Like most healthcare facilities, Baptist Health has been working to reduce unnecessary admissions and readmissions by using massive data stores in electronic health record systems (EHRs) — in this case, Cerner EHR system.

Baptist Health had been using a LACE index tool, a widely used predictive analytics tool healthcare facilities often deploy within their existing EHR systems. LACE — it  stands for Length of stay, Acuity of admission, Co-morbidities and Emergency room visits — ranks patients: the higher the scores, the higher the risk of returning to the hospital.

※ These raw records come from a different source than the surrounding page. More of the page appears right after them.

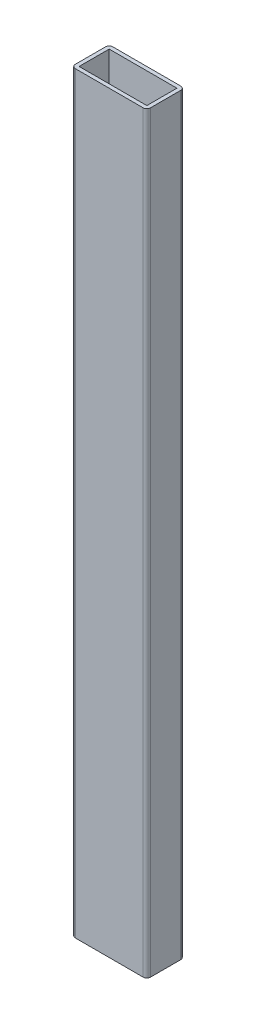
ISO-10303-21;
HEADER;
FILE_DESCRIPTION(('STEP AP214'),'2;1');
FILE_NAME('part.step','',(''),(''),'','','');
FILE_SCHEMA(('AUTOMOTIVE_DESIGN { 1 0 10303 214 1 1 1 1 }'));
ENDSEC;
DATA;
#1=APPLICATION_CONTEXT('core data for automotive mechanical design processes');
#2=APPLICATION_PROTOCOL_DEFINITION('international standard','automotive_design',2000,#1);
#3=PRODUCT_CONTEXT('',#1,'mechanical');
#4=PRODUCT('Part','Part','',(#3));
#5=PRODUCT_RELATED_PRODUCT_CATEGORY('part','',(#4));
#6=PRODUCT_DEFINITION_FORMATION('','',#4);
#7=PRODUCT_DEFINITION_CONTEXT('part definition',#1,'design');
#8=PRODUCT_DEFINITION('design','',#6,#7);
#9=PRODUCT_DEFINITION_SHAPE('','',#8);
#10=(LENGTH_UNIT() NAMED_UNIT(*) SI_UNIT(.MILLI.,.METRE.));
#11=(NAMED_UNIT(*) PLANE_ANGLE_UNIT() SI_UNIT($,.RADIAN.));
#12=(NAMED_UNIT(*) SI_UNIT($,.STERADIAN.) SOLID_ANGLE_UNIT());
#13=UNCERTAINTY_MEASURE_WITH_UNIT(LENGTH_MEASURE(1.E-05),#10,'distance_accuracy_value','');
#14=(GEOMETRIC_REPRESENTATION_CONTEXT(3) GLOBAL_UNCERTAINTY_ASSIGNED_CONTEXT((#13)) GLOBAL_UNIT_ASSIGNED_CONTEXT((#10,
#11,#12)) REPRESENTATION_CONTEXT('',''));
#15=CARTESIAN_POINT('',(0.,0.,0.));
#16=DIRECTION('',(0.,0.,1.));
#17=DIRECTION('',(1.,0.,0.));
#18=AXIS2_PLACEMENT_3D('',#15,#16,#17);
#19=CARTESIAN_POINT('',(-18.,400.,8.));
#20=DIRECTION('',(0.,1.,0.));
#21=DIRECTION('',(0.,0.,1.));
#22=AXIS2_PLACEMENT_3D('',#19,#20,#21);
#23=PLANE('',#22);
#24=CARTESIAN_POINT('',(-18.,400.,8.));
#25=DIRECTION('',(0.,1.,0.));
#26=DIRECTION('',(0.,0.,1.));
#27=AXIS2_PLACEMENT_3D('',#24,#25,#26);
#28=CIRCLE('',#27,2.);
#29=CARTESIAN_POINT('',(-20.,400.,7.99999999999999));
#30=VERTEX_POINT('',#29);
#31=CARTESIAN_POINT('',(-18.,400.,10.));
#32=VERTEX_POINT('',#31);
#33=EDGE_CURVE('E196',#30,#32,#28,.T.);
#34=ORIENTED_EDGE('',*,*,#33,.T.);
#35=DIRECTION('',(1.,0.,0.));
#36=VECTOR('',#35,1.);
#37=CARTESIAN_POINT('',(-18.,400.,10.));
#38=LINE('',#37,#36);
#39=CARTESIAN_POINT('',(18.,400.,10.));
#40=VERTEX_POINT('',#39);
#41=EDGE_CURVE('E199',#32,#40,#38,.T.);
#42=ORIENTED_EDGE('',*,*,#41,.T.);
#43=CARTESIAN_POINT('',(18.,400.,8.));
#44=DIRECTION('',(0.,1.,0.));
#45=DIRECTION('',(0.,0.,1.));
#46=AXIS2_PLACEMENT_3D('',#43,#44,#45);
#47=CIRCLE('',#46,2.);
#48=CARTESIAN_POINT('',(20.,400.,7.99999999999999));
#49=VERTEX_POINT('',#48);
#50=EDGE_CURVE('E202',#40,#49,#47,.T.);
#51=ORIENTED_EDGE('',*,*,#50,.T.);
#52=DIRECTION('',(0.,0.,-1.));
#53=VECTOR('',#52,1.);
#54=CARTESIAN_POINT('',(20.,400.,-7.99999999999999));
#55=LINE('',#54,#53);
#56=CARTESIAN_POINT('',(20.,400.,-7.99999999999999));
#57=VERTEX_POINT('',#56);
#58=EDGE_CURVE('E204',#49,#57,#55,.T.);
#59=ORIENTED_EDGE('',*,*,#58,.T.);
#60=CARTESIAN_POINT('',(18.,400.,-8.));
#61=DIRECTION('',(0.,1.,0.));
#62=DIRECTION('',(0.,0.,-1.));
#63=AXIS2_PLACEMENT_3D('',#60,#61,#62);
#64=CIRCLE('',#63,2.);
#65=CARTESIAN_POINT('',(18.,400.,-10.));
#66=VERTEX_POINT('',#65);
#67=EDGE_CURVE('E206',#57,#66,#64,.T.);
#68=ORIENTED_EDGE('',*,*,#67,.T.);
#69=DIRECTION('',(-1.,0.,0.));
#70=VECTOR('',#69,1.);
#71=CARTESIAN_POINT('',(-18.,400.,-10.));
#72=LINE('',#71,#70);
#73=CARTESIAN_POINT('',(-18.,400.,-10.));
#74=VERTEX_POINT('',#73);
#75=EDGE_CURVE('E208',#66,#74,#72,.T.);
#76=ORIENTED_EDGE('',*,*,#75,.T.);
#77=CARTESIAN_POINT('',(-18.,400.,-8.));
#78=DIRECTION('',(0.,1.,0.));
#79=DIRECTION('',(0.,0.,1.));
#80=AXIS2_PLACEMENT_3D('',#77,#78,#79);
#81=CIRCLE('',#80,2.);
#82=CARTESIAN_POINT('',(-20.,400.,-7.99999999999999));
#83=VERTEX_POINT('',#82);
#84=EDGE_CURVE('E210',#74,#83,#81,.T.);
#85=ORIENTED_EDGE('',*,*,#84,.T.);
#86=DIRECTION('',(0.,0.,1.));
#87=VECTOR('',#86,1.);
#88=CARTESIAN_POINT('',(-20.,400.,-7.99999999999999));
#89=LINE('',#88,#87);
#90=EDGE_CURVE('E212',#83,#30,#89,.T.);
#91=ORIENTED_EDGE('',*,*,#90,.T.);
#92=EDGE_LOOP('',(#34,#42,#51,#59,#68,#76,#85,#91));
#93=FACE_BOUND('',#92,.T.);
#94=DIRECTION('',(0.,0.,-1.));
#95=VECTOR('',#94,1.);
#96=CARTESIAN_POINT('',(18.,400.,-7.99999999999999));
#97=LINE('',#96,#95);
#98=CARTESIAN_POINT('',(18.,400.,8.));
#99=VERTEX_POINT('',#98);
#100=CARTESIAN_POINT('',(18.,400.,-8.));
#101=VERTEX_POINT('',#100);
#102=EDGE_CURVE('E168',#99,#101,#97,.T.);
#103=ORIENTED_EDGE('',*,*,#102,.F.);
#104=DIRECTION('',(1.,0.,0.));
#105=VECTOR('',#104,1.);
#106=CARTESIAN_POINT('',(-18.,400.,8.));
#107=LINE('',#106,#105);
#108=CARTESIAN_POINT('',(-18.,400.,8.));
#109=VERTEX_POINT('',#108);
#110=EDGE_CURVE('E160',#109,#99,#107,.T.);
#111=ORIENTED_EDGE('',*,*,#110,.F.);
#112=DIRECTION('',(0.,0.,1.));
#113=VECTOR('',#112,1.);
#114=CARTESIAN_POINT('',(-18.,400.,-7.99999999999999));
#115=LINE('',#114,#113);
#116=CARTESIAN_POINT('',(-18.,400.,-8.));
#117=VERTEX_POINT('',#116);
#118=EDGE_CURVE('E182',#117,#109,#115,.T.);
#119=ORIENTED_EDGE('',*,*,#118,.F.);
#120=DIRECTION('',(-1.,0.,0.));
#121=VECTOR('',#120,1.);
#122=CARTESIAN_POINT('',(-18.,400.,-8.));
#123=LINE('',#122,#121);
#124=EDGE_CURVE('E180',#101,#117,#123,.T.);
#125=ORIENTED_EDGE('',*,*,#124,.F.);
#126=EDGE_LOOP('',(#103,#111,#119,#125));
#127=FACE_BOUND('',#126,.T.);
#128=ADVANCED_FACE('F71',(#93,#127),#23,.T.);
#129=CARTESIAN_POINT('',(-18.,0.,8.));
#130=DIRECTION('',(0.,1.,0.));
#131=DIRECTION('',(0.,0.,1.));
#132=AXIS2_PLACEMENT_3D('',#129,#130,#131);
#133=PLANE('',#132);
#134=CARTESIAN_POINT('',(-18.,0.,8.));
#135=DIRECTION('',(0.,1.,0.));
#136=DIRECTION('',(0.,0.,1.));
#137=AXIS2_PLACEMENT_3D('',#134,#135,#136);
#138=CIRCLE('',#137,2.);
#139=CARTESIAN_POINT('',(-20.,0.,7.99999999999999));
#140=VERTEX_POINT('',#139);
#141=CARTESIAN_POINT('',(-18.,0.,10.));
#142=VERTEX_POINT('',#141);
#143=EDGE_CURVE('E176',#140,#142,#138,.T.);
#144=ORIENTED_EDGE('',*,*,#143,.F.);
#145=DIRECTION('',(0.,0.,1.));
#146=VECTOR('',#145,1.);
#147=CARTESIAN_POINT('',(-20.,0.,-7.99999999999999));
#148=LINE('',#147,#146);
#149=CARTESIAN_POINT('',(-20.,0.,-7.99999999999999));
#150=VERTEX_POINT('',#149);
#151=EDGE_CURVE('E200',#150,#140,#148,.T.);
#152=ORIENTED_EDGE('',*,*,#151,.F.);
#153=CARTESIAN_POINT('',(-18.,0.,-8.));
#154=DIRECTION('',(0.,1.,0.));
#155=DIRECTION('',(0.,0.,1.));
#156=AXIS2_PLACEMENT_3D('',#153,#154,#155);
#157=CIRCLE('',#156,2.);
#158=CARTESIAN_POINT('',(-18.,0.,-10.));
#159=VERTEX_POINT('',#158);
#160=EDGE_CURVE('E227',#159,#150,#157,.T.);
#161=ORIENTED_EDGE('',*,*,#160,.F.);
#162=DIRECTION('',(-1.,0.,0.));
#163=VECTOR('',#162,1.);
#164=CARTESIAN_POINT('',(-18.,0.,-10.));
#165=LINE('',#164,#163);
#166=CARTESIAN_POINT('',(18.,0.,-10.));
#167=VERTEX_POINT('',#166);
#168=EDGE_CURVE('E225',#167,#159,#165,.T.);
#169=ORIENTED_EDGE('',*,*,#168,.F.);
#170=CARTESIAN_POINT('',(18.,0.,-8.));
#171=DIRECTION('',(0.,1.,0.));
#172=DIRECTION('',(0.,0.,-1.));
#173=AXIS2_PLACEMENT_3D('',#170,#171,#172);
#174=CIRCLE('',#173,2.);
#175=CARTESIAN_POINT('',(20.,0.,-7.99999999999999));
#176=VERTEX_POINT('',#175);
#177=EDGE_CURVE('E223',#176,#167,#174,.T.);
#178=ORIENTED_EDGE('',*,*,#177,.F.);
#179=DIRECTION('',(0.,0.,-1.));
#180=VECTOR('',#179,1.);
#181=CARTESIAN_POINT('',(20.,0.,-7.99999999999999));
#182=LINE('',#181,#180);
#183=CARTESIAN_POINT('',(20.,0.,7.99999999999999));
#184=VERTEX_POINT('',#183);
#185=EDGE_CURVE('E221',#184,#176,#182,.T.);
#186=ORIENTED_EDGE('',*,*,#185,.F.);
#187=CARTESIAN_POINT('',(18.,0.,8.));
#188=DIRECTION('',(0.,1.,0.));
#189=DIRECTION('',(0.,0.,1.));
#190=AXIS2_PLACEMENT_3D('',#187,#188,#189);
#191=CIRCLE('',#190,2.);
#192=CARTESIAN_POINT('',(18.,0.,10.));
#193=VERTEX_POINT('',#192);
#194=EDGE_CURVE('E219',#193,#184,#191,.T.);
#195=ORIENTED_EDGE('',*,*,#194,.F.);
#196=DIRECTION('',(1.,0.,0.));
#197=VECTOR('',#196,1.);
#198=CARTESIAN_POINT('',(-18.,0.,10.));
#199=LINE('',#198,#197);
#200=EDGE_CURVE('E217',#142,#193,#199,.T.);
#201=ORIENTED_EDGE('',*,*,#200,.F.);
#202=EDGE_LOOP('',(#144,#152,#161,#169,#178,#186,#195,#201));
#203=FACE_BOUND('',#202,.T.);
#204=DIRECTION('',(1.,0.,0.));
#205=VECTOR('',#204,1.);
#206=CARTESIAN_POINT('',(-18.,0.,8.));
#207=LINE('',#206,#205);
#208=CARTESIAN_POINT('',(-18.,0.,8.));
#209=VERTEX_POINT('',#208);
#210=CARTESIAN_POINT('',(18.,0.,8.));
#211=VERTEX_POINT('',#210);
#212=EDGE_CURVE('E94',#209,#211,#207,.T.);
#213=ORIENTED_EDGE('',*,*,#212,.T.);
#214=DIRECTION('',(0.,0.,-1.));
#215=VECTOR('',#214,1.);
#216=CARTESIAN_POINT('',(18.,0.,-7.99999999999999));
#217=LINE('',#216,#215);
#218=CARTESIAN_POINT('',(18.,0.,-8.));
#219=VERTEX_POINT('',#218);
#220=EDGE_CURVE('E175',#211,#219,#217,.T.);
#221=ORIENTED_EDGE('',*,*,#220,.T.);
#222=DIRECTION('',(-1.,0.,0.));
#223=VECTOR('',#222,1.);
#224=CARTESIAN_POINT('',(-18.,0.,-8.));
#225=LINE('',#224,#223);
#226=CARTESIAN_POINT('',(-18.,0.,-8.));
#227=VERTEX_POINT('',#226);
#228=EDGE_CURVE('E188',#219,#227,#225,.T.);
#229=ORIENTED_EDGE('',*,*,#228,.T.);
#230=DIRECTION('',(0.,0.,1.));
#231=VECTOR('',#230,1.);
#232=CARTESIAN_POINT('',(-18.,0.,-7.99999999999999));
#233=LINE('',#232,#231);
#234=EDGE_CURVE('E169',#227,#209,#233,.T.);
#235=ORIENTED_EDGE('',*,*,#234,.T.);
#236=EDGE_LOOP('',(#213,#221,#229,#235));
#237=FACE_BOUND('',#236,.T.);
#238=ADVANCED_FACE('F257',(#203,#237),#133,.F.);
#239=CARTESIAN_POINT('',(-18.,400.,8.));
#240=DIRECTION('',(0.,-1.,0.));
#241=DIRECTION('',(0.,0.,-1.));
#242=AXIS2_PLACEMENT_3D('',#239,#240,#241);
#243=CYLINDRICAL_SURFACE('',#242,2.);
#244=ORIENTED_EDGE('',*,*,#143,.T.);
#245=DIRECTION('',(0.,-1.,0.));
#246=VECTOR('',#245,1.);
#247=CARTESIAN_POINT('',(-18.,400.,10.));
#248=LINE('',#247,#246);
#249=EDGE_CURVE('E12',#32,#142,#248,.T.);
#250=ORIENTED_EDGE('',*,*,#249,.F.);
#251=ORIENTED_EDGE('',*,*,#33,.F.);
#252=DIRECTION('',(0.,-1.,0.));
#253=VECTOR('',#252,1.);
#254=CARTESIAN_POINT('',(-20.,400.,7.99999999999999));
#255=LINE('',#254,#253);
#256=EDGE_CURVE('E214',#30,#140,#255,.T.);
#257=ORIENTED_EDGE('',*,*,#256,.T.);
#258=EDGE_LOOP('',(#244,#250,#251,#257));
#259=FACE_BOUND('',#258,.T.);
#260=ADVANCED_FACE('F73',(#259),#243,.T.);
#261=CARTESIAN_POINT('',(-18.,400.,10.));
#262=DIRECTION('',(0.,0.,-1.));
#263=DIRECTION('',(-1.,0.,0.));
#264=AXIS2_PLACEMENT_3D('',#261,#262,#263);
#265=PLANE('',#264);
#266=ORIENTED_EDGE('',*,*,#200,.T.);
#267=DIRECTION('',(0.,-1.,0.));
#268=VECTOR('',#267,1.);
#269=CARTESIAN_POINT('',(18.,400.,10.));
#270=LINE('',#269,#268);
#271=EDGE_CURVE('E79',#40,#193,#270,.T.);
#272=ORIENTED_EDGE('',*,*,#271,.F.);
#273=ORIENTED_EDGE('',*,*,#41,.F.);
#274=ORIENTED_EDGE('',*,*,#249,.T.);
#275=EDGE_LOOP('',(#266,#272,#273,#274));
#276=FACE_BOUND('',#275,.T.);
#277=ADVANCED_FACE('F274',(#276),#265,.F.);
#278=CARTESIAN_POINT('',(18.,400.,8.));
#279=DIRECTION('',(0.,-1.,0.));
#280=DIRECTION('',(0.,0.,-1.));
#281=AXIS2_PLACEMENT_3D('',#278,#279,#280);
#282=CYLINDRICAL_SURFACE('',#281,2.);
#283=ORIENTED_EDGE('',*,*,#194,.T.);
#284=DIRECTION('',(0.,-1.,0.));
#285=VECTOR('',#284,1.);
#286=CARTESIAN_POINT('',(20.,400.,7.99999999999999));
#287=LINE('',#286,#285);
#288=EDGE_CURVE('E244',#49,#184,#287,.T.);
#289=ORIENTED_EDGE('',*,*,#288,.F.);
#290=ORIENTED_EDGE('',*,*,#50,.F.);
#291=ORIENTED_EDGE('',*,*,#271,.T.);
#292=EDGE_LOOP('',(#283,#289,#290,#291));
#293=FACE_BOUND('',#292,.T.);
#294=ADVANCED_FACE('F251',(#293),#282,.T.);
#295=CARTESIAN_POINT('',(20.,400.,-7.99999999999999));
#296=DIRECTION('',(-1.,0.,0.));
#297=DIRECTION('',(0.,0.,1.));
#298=AXIS2_PLACEMENT_3D('',#295,#296,#297);
#299=PLANE('',#298);
#300=ORIENTED_EDGE('',*,*,#185,.T.);
#301=DIRECTION('',(0.,-1.,0.));
#302=VECTOR('',#301,1.);
#303=CARTESIAN_POINT('',(20.,400.,-7.99999999999999));
#304=LINE('',#303,#302);
#305=EDGE_CURVE('E241',#57,#176,#304,.T.);
#306=ORIENTED_EDGE('',*,*,#305,.F.);
#307=ORIENTED_EDGE('',*,*,#58,.F.);
#308=ORIENTED_EDGE('',*,*,#288,.T.);
#309=EDGE_LOOP('',(#300,#306,#307,#308));
#310=FACE_BOUND('',#309,.T.);
#311=ADVANCED_FACE('F263',(#310),#299,.F.);
#312=CARTESIAN_POINT('',(18.,400.,-8.));
#313=DIRECTION('',(0.,-1.,0.));
#314=DIRECTION('',(0.,0.,-1.));
#315=AXIS2_PLACEMENT_3D('',#312,#313,#314);
#316=CYLINDRICAL_SURFACE('',#315,2.);
#317=ORIENTED_EDGE('',*,*,#177,.T.);
#318=DIRECTION('',(0.,-1.,0.));
#319=VECTOR('',#318,1.);
#320=CARTESIAN_POINT('',(18.,400.,-10.));
#321=LINE('',#320,#319);
#322=EDGE_CURVE('E238',#66,#167,#321,.T.);
#323=ORIENTED_EDGE('',*,*,#322,.F.);
#324=ORIENTED_EDGE('',*,*,#67,.F.);
#325=ORIENTED_EDGE('',*,*,#305,.T.);
#326=EDGE_LOOP('',(#317,#323,#324,#325));
#327=FACE_BOUND('',#326,.T.);
#328=ADVANCED_FACE('F267',(#327),#316,.T.);
#329=CARTESIAN_POINT('',(-18.,400.,-10.));
#330=DIRECTION('',(0.,0.,1.));
#331=DIRECTION('',(1.,0.,0.));
#332=AXIS2_PLACEMENT_3D('',#329,#330,#331);
#333=PLANE('',#332);
#334=ORIENTED_EDGE('',*,*,#168,.T.);
#335=DIRECTION('',(0.,-1.,0.));
#336=VECTOR('',#335,1.);
#337=CARTESIAN_POINT('',(-18.,400.,-10.));
#338=LINE('',#337,#336);
#339=EDGE_CURVE('E235',#74,#159,#338,.T.);
#340=ORIENTED_EDGE('',*,*,#339,.F.);
#341=ORIENTED_EDGE('',*,*,#75,.F.);
#342=ORIENTED_EDGE('',*,*,#322,.T.);
#343=EDGE_LOOP('',(#334,#340,#341,#342));
#344=FACE_BOUND('',#343,.T.);
#345=ADVANCED_FACE('F287',(#344),#333,.F.);
#346=CARTESIAN_POINT('',(-18.,400.,-8.));
#347=DIRECTION('',(0.,-1.,0.));
#348=DIRECTION('',(0.,0.,-1.));
#349=AXIS2_PLACEMENT_3D('',#346,#347,#348);
#350=CYLINDRICAL_SURFACE('',#349,2.);
#351=ORIENTED_EDGE('',*,*,#160,.T.);
#352=DIRECTION('',(0.,-1.,0.));
#353=VECTOR('',#352,1.);
#354=CARTESIAN_POINT('',(-20.,400.,-7.99999999999999));
#355=LINE('',#354,#353);
#356=EDGE_CURVE('E232',#83,#150,#355,.T.);
#357=ORIENTED_EDGE('',*,*,#356,.F.);
#358=ORIENTED_EDGE('',*,*,#84,.F.);
#359=ORIENTED_EDGE('',*,*,#339,.T.);
#360=EDGE_LOOP('',(#351,#357,#358,#359));
#361=FACE_BOUND('',#360,.T.);
#362=ADVANCED_FACE('F285',(#361),#350,.T.);
#363=CARTESIAN_POINT('',(-20.,400.,-7.99999999999999));
#364=DIRECTION('',(1.,0.,0.));
#365=DIRECTION('',(0.,0.,-1.));
#366=AXIS2_PLACEMENT_3D('',#363,#364,#365);
#367=PLANE('',#366);
#368=ORIENTED_EDGE('',*,*,#151,.T.);
#369=ORIENTED_EDGE('',*,*,#256,.F.);
#370=ORIENTED_EDGE('',*,*,#90,.F.);
#371=ORIENTED_EDGE('',*,*,#356,.T.);
#372=EDGE_LOOP('',(#368,#369,#370,#371));
#373=FACE_BOUND('',#372,.T.);
#374=ADVANCED_FACE('F280',(#373),#367,.F.);
#375=CARTESIAN_POINT('',(-18.,400.,8.));
#376=DIRECTION('',(0.,0.,-1.));
#377=DIRECTION('',(-1.,0.,0.));
#378=AXIS2_PLACEMENT_3D('',#375,#376,#377);
#379=PLANE('',#378);
#380=ORIENTED_EDGE('',*,*,#212,.F.);
#381=DIRECTION('',(0.,-1.,0.));
#382=VECTOR('',#381,1.);
#383=CARTESIAN_POINT('',(-18.,400.,8.));
#384=LINE('',#383,#382);
#385=EDGE_CURVE('E164',#109,#209,#384,.T.);
#386=ORIENTED_EDGE('',*,*,#385,.F.);
#387=ORIENTED_EDGE('',*,*,#110,.T.);
#388=DIRECTION('',(0.,-1.,0.));
#389=VECTOR('',#388,1.);
#390=CARTESIAN_POINT('',(18.,400.,8.));
#391=LINE('',#390,#389);
#392=EDGE_CURVE('E163',#99,#211,#391,.T.);
#393=ORIENTED_EDGE('',*,*,#392,.T.);
#394=EDGE_LOOP('',(#380,#386,#387,#393));
#395=FACE_BOUND('',#394,.T.);
#396=ADVANCED_FACE('F162',(#395),#379,.T.);
#397=CARTESIAN_POINT('',(18.,400.,-7.99999999999999));
#398=DIRECTION('',(-1.,0.,0.));
#399=DIRECTION('',(0.,0.,1.));
#400=AXIS2_PLACEMENT_3D('',#397,#398,#399);
#401=PLANE('',#400);
#402=ORIENTED_EDGE('',*,*,#220,.F.);
#403=ORIENTED_EDGE('',*,*,#392,.F.);
#404=ORIENTED_EDGE('',*,*,#102,.T.);
#405=DIRECTION('',(0.,-1.,0.));
#406=VECTOR('',#405,1.);
#407=CARTESIAN_POINT('',(18.,400.,-8.));
#408=LINE('',#407,#406);
#409=EDGE_CURVE('E177',#101,#219,#408,.T.);
#410=ORIENTED_EDGE('',*,*,#409,.T.);
#411=EDGE_LOOP('',(#402,#403,#404,#410));
#412=FACE_BOUND('',#411,.T.);
#413=ADVANCED_FACE('F172',(#412),#401,.T.);
#414=CARTESIAN_POINT('',(-18.,400.,-8.));
#415=DIRECTION('',(0.,0.,1.));
#416=DIRECTION('',(1.,0.,0.));
#417=AXIS2_PLACEMENT_3D('',#414,#415,#416);
#418=PLANE('',#417);
#419=ORIENTED_EDGE('',*,*,#228,.F.);
#420=ORIENTED_EDGE('',*,*,#409,.F.);
#421=ORIENTED_EDGE('',*,*,#124,.T.);
#422=DIRECTION('',(0.,-1.,0.));
#423=VECTOR('',#422,1.);
#424=CARTESIAN_POINT('',(-18.,400.,-8.));
#425=LINE('',#424,#423);
#426=EDGE_CURVE('E86',#117,#227,#425,.T.);
#427=ORIENTED_EDGE('',*,*,#426,.T.);
#428=EDGE_LOOP('',(#419,#420,#421,#427));
#429=FACE_BOUND('',#428,.T.);
#430=ADVANCED_FACE('F312',(#429),#418,.T.);
#431=CARTESIAN_POINT('',(-18.,400.,-7.99999999999999));
#432=DIRECTION('',(1.,0.,0.));
#433=DIRECTION('',(0.,0.,-1.));
#434=AXIS2_PLACEMENT_3D('',#431,#432,#433);
#435=PLANE('',#434);
#436=ORIENTED_EDGE('',*,*,#234,.F.);
#437=ORIENTED_EDGE('',*,*,#426,.F.);
#438=ORIENTED_EDGE('',*,*,#118,.T.);
#439=ORIENTED_EDGE('',*,*,#385,.T.);
#440=EDGE_LOOP('',(#436,#437,#438,#439));
#441=FACE_BOUND('',#440,.T.);
#442=ADVANCED_FACE('F316',(#441),#435,.T.);
#443=CLOSED_SHELL('',(#128,#238,#260,#277,#294,#311,#328,#345,#362,#374,#396,#413,#430,#442));
#444=MANIFOLD_SOLID_BREP('B2',#443);
#445=ADVANCED_BREP_SHAPE_REPRESENTATION('',(#18,#444),#14);
#446=SHAPE_DEFINITION_REPRESENTATION(#9,#445);
ENDSEC;
END-ISO-10303-21;

Five years ago, Baptist Health piloted an AI software tool from Jvion to bolster its data analytics results.

The Jvion Machine is a combination of Eigen-based mathematics, a dataset of more than 16 million patients, and software that can be applied to 50+ preventable harm vectors without the need to create new models or to have perfect data. More recently, Baptist Health added two additional vectors to its AI platform to determine a patient’s general risk of readmission and find ways to lower those risks.

In doing so, the hospital system was able to reduce readmissions and unnecessary admissions by 18% over two years — and save $13 million in related costs, according to Kelly Benson, the director of Community Care Management at the Baptist Health Center for Well Being.

In this Q&A, Benson discussed the AI deployment and its results.

Can you explain how AI is assisting healthcare in general?

"If I have to talk about the Jvion product to a new group of physicians coming through orientation, I always give them this spiel. Most of us carry around smartphones. And if you ever leave your locations on, and you drive to work three or four days in a row, the system is going to pick up the next day you get into your car at the same time, the system is going to flash up and say you’re headed to work and it’s going to take 35 minutes to get there today, for example.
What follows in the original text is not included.